蔣霜也沒多說什麼,隻是一邊遞給林珂一瓶礦泉水,一邊摸了摸林珂的手臂。林珂的手臂上出了很多汗水,但是皮膚又是冰冷的。
“是中暑了。”蔣霜扭頭四處看了看,然後拉着林珂到一片樹蔭底下坐好。
“小林怎麼了?”阿J老師見後,回頭問了句。
“她中暑了,我幫她掐一下肩膀,那樣會好得快些,你暫時就讓小周幫你吧。”蔣霜回頭輕聲和阿J老師說。
“嗯,行啊,小林,不要勉強,小周可以幫我的。
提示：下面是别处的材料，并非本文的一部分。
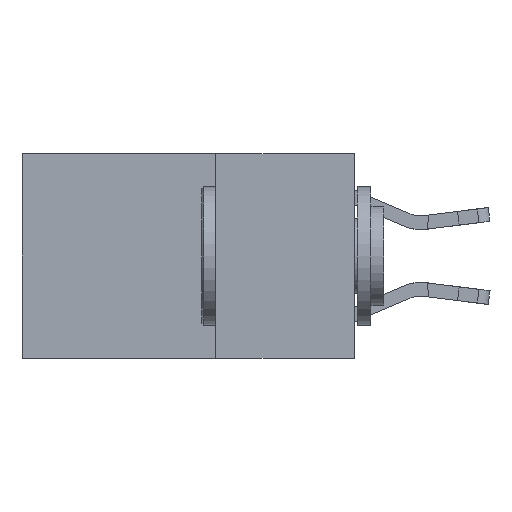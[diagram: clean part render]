
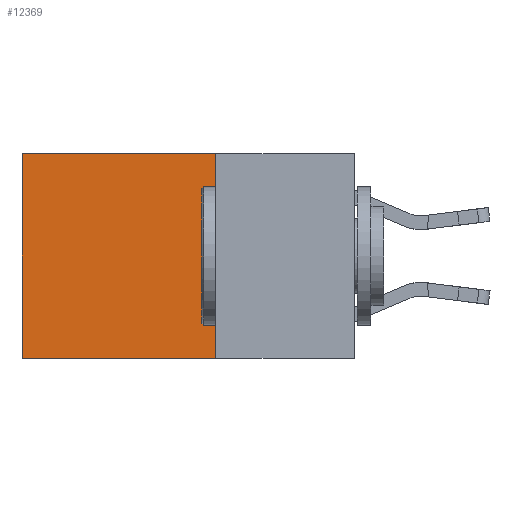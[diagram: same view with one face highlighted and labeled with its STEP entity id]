
A CAD part, left-side view. The second image highlights one B-rep face of the part: STEP entity #12369.
In plain terms, the highlighted planar face has unit normal (-1, 0, 0).
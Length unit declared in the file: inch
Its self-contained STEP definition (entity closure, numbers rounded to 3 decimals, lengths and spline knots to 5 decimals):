
#680 = CARTESIAN_POINT ( 'NONE',  ( 0.2625, 0.25, -0.37 ) ) ;
#761 = DIRECTION ( 'NONE',  ( 0., 1., 0. ) ) ;
#1505 = DIRECTION ( 'NONE',  ( 0., 0., -1. ) ) ;
#1671 = VERTEX_POINT ( 'NONE', #13536 ) ;
#2133 = VECTOR ( 'NONE', #8421, 39.37008 ) ;
#2513 = LINE ( 'NONE', #13116, #2133 ) ;
#2585 = EDGE_CURVE ( 'NONE', #9811, #14636, #3486, .T. ) ;
#2778 = ORIENTED_EDGE ( 'NONE', *, *, #7927, .T. ) ;
#3409 = VECTOR ( 'NONE', #1505, 39.37008 ) ;
#3486 = LINE ( 'NONE', #680, #12646 ) ;
#4724 = CARTESIAN_POINT ( 'NONE',  ( 0.2625, 0.6, 0. ) ) ;
#6039 = CARTESIAN_POINT ( 'NONE',  ( 0.2625, 0.6, 0. ) ) ;
#6176 = ORIENTED_EDGE ( 'NONE', *, *, #8561, .T. ) ;
#6459 = ORIENTED_EDGE ( 'NONE', *, *, #10766, .F. ) ;
#6658 = LINE ( 'NONE', #13478, #3409 ) ;
#6723 = VECTOR ( 'NONE', #14240, 39.37008 ) ;
#7059 = CARTESIAN_POINT ( 'NONE',  ( 0.2625, 0.25, 0. ) ) ;
#7927 = EDGE_CURVE ( 'NONE', #1671, #15353, #2513, .T. ) ;
#8226 = DIRECTION ( 'NONE',  ( 0., 0., -1. ) ) ;
#8421 = DIRECTION ( 'NONE',  ( 0., 1., 0. ) ) ;
#8561 = EDGE_CURVE ( 'NONE', #15353, #14636, #13356, .T. ) ;
#9396 = CARTESIAN_POINT ( 'NONE',  ( 0.2625, 0.6, -0.37 ) ) ;
#9811 = VERTEX_POINT ( 'NONE', #13962 ) ;
#10205 = FACE_OUTER_BOUND ( 'NONE', #11145, .T. ) ;
#10766 = EDGE_CURVE ( 'NONE', #1671, #9811, #6658, .T. ) ;
#11145 = EDGE_LOOP ( 'NONE', ( #6176, #14493, #6459, #2778 ) ) ;
#12369 = ADVANCED_FACE ( 'NONE', ( #10205 ), #14092, .F. ) ;
#12646 = VECTOR ( 'NONE', #761, 39.37008 ) ;
#13116 = CARTESIAN_POINT ( 'NONE',  ( 0.2625, 0.25, 0. ) ) ;
#13356 = LINE ( 'NONE', #6039, #6723 ) ;
#13478 = CARTESIAN_POINT ( 'NONE',  ( 0.2625, 0.25, 0. ) ) ;
#13536 = CARTESIAN_POINT ( 'NONE',  ( 0.2625, 0.25, 0. ) ) ;
#13649 = AXIS2_PLACEMENT_3D ( 'NONE', #7059, #15229, #8226 ) ;
#13962 = CARTESIAN_POINT ( 'NONE',  ( 0.2625, 0.25, -0.37 ) ) ;
#14092 = PLANE ( 'NONE',  #13649 ) ;
#14240 = DIRECTION ( 'NONE',  ( 0., 0., -1. ) ) ;
#14493 = ORIENTED_EDGE ( 'NONE', *, *, #2585, .F. ) ;
#14636 = VERTEX_POINT ( 'NONE', #9396 ) ;
#15229 = DIRECTION ( 'NONE',  ( 1., 0., 0. ) ) ;
#15353 = VERTEX_POINT ( 'NONE', #4724 ) ;

”阿J老師說完這話後,就和小周一塊兒帶着客人進到山莊裡頭去了。
“掐肩膀?”林珂對于這個的概念有些模糊,還以為是類似于按摩什麼的。
蔣霜用礦泉水淋濕了手後,就拉開了林珂體恤衫的領口,然後掐住肩膀上的皮肉狠狠地揪了一下。
痛,真心痛!林珂算是明白了,真的是掐,而不是按摩!話說回來,還真沒看出來啊,蔣霜手上的力道居然可以那麼大!但是,雖然疼,林珂卻還是沒有呼出聲來,反之,就像個石雕一樣,一言不發地承受着兩隻肩膀上傳來的陣陣疼痛。
“紫得真厲害。”過了一會兒,蔣霜停了手,望着林珂兩個近乎深紫色的肩膀歎了一句。
“紫?”林珂不明白。
“中暑症狀越嚴重,掐出來的顔色也會越深。”
“這樣哦…不過,掐完後,感覺人好像真的清醒不少了。”林珂伸手摸了摸肩膀上仍舊隐隐作痛的皮膚,然後站起身說:“霜霜老師,謝謝你啊。”
“不用。”蔣霜略略皺眉,過了一會兒後,又補充了一句:“人前叫我霜霜老師可以,人後的話,沒必要那樣叫我。我也就是個在小店裡頭打工的人而已,不是什麼老師。”
“嗯…”那,人後的話,該直接管她叫蔣霜?那樣似乎不太禮貌,或者…叫霜霜?可是,少了老師兩個字的支撐後,總會覺得有些過于親密了。
“林珂,我問你,你有沒有覺得我老了?”蔣霜突然擡頭問。
“沒有啊…哪兒有?”林珂被吓了一大跳,蔣霜這如果都叫老的話,那麼什麼才叫不老神話?話說,上次甚至有客戶以為自己和蔣霜年紀相當呢。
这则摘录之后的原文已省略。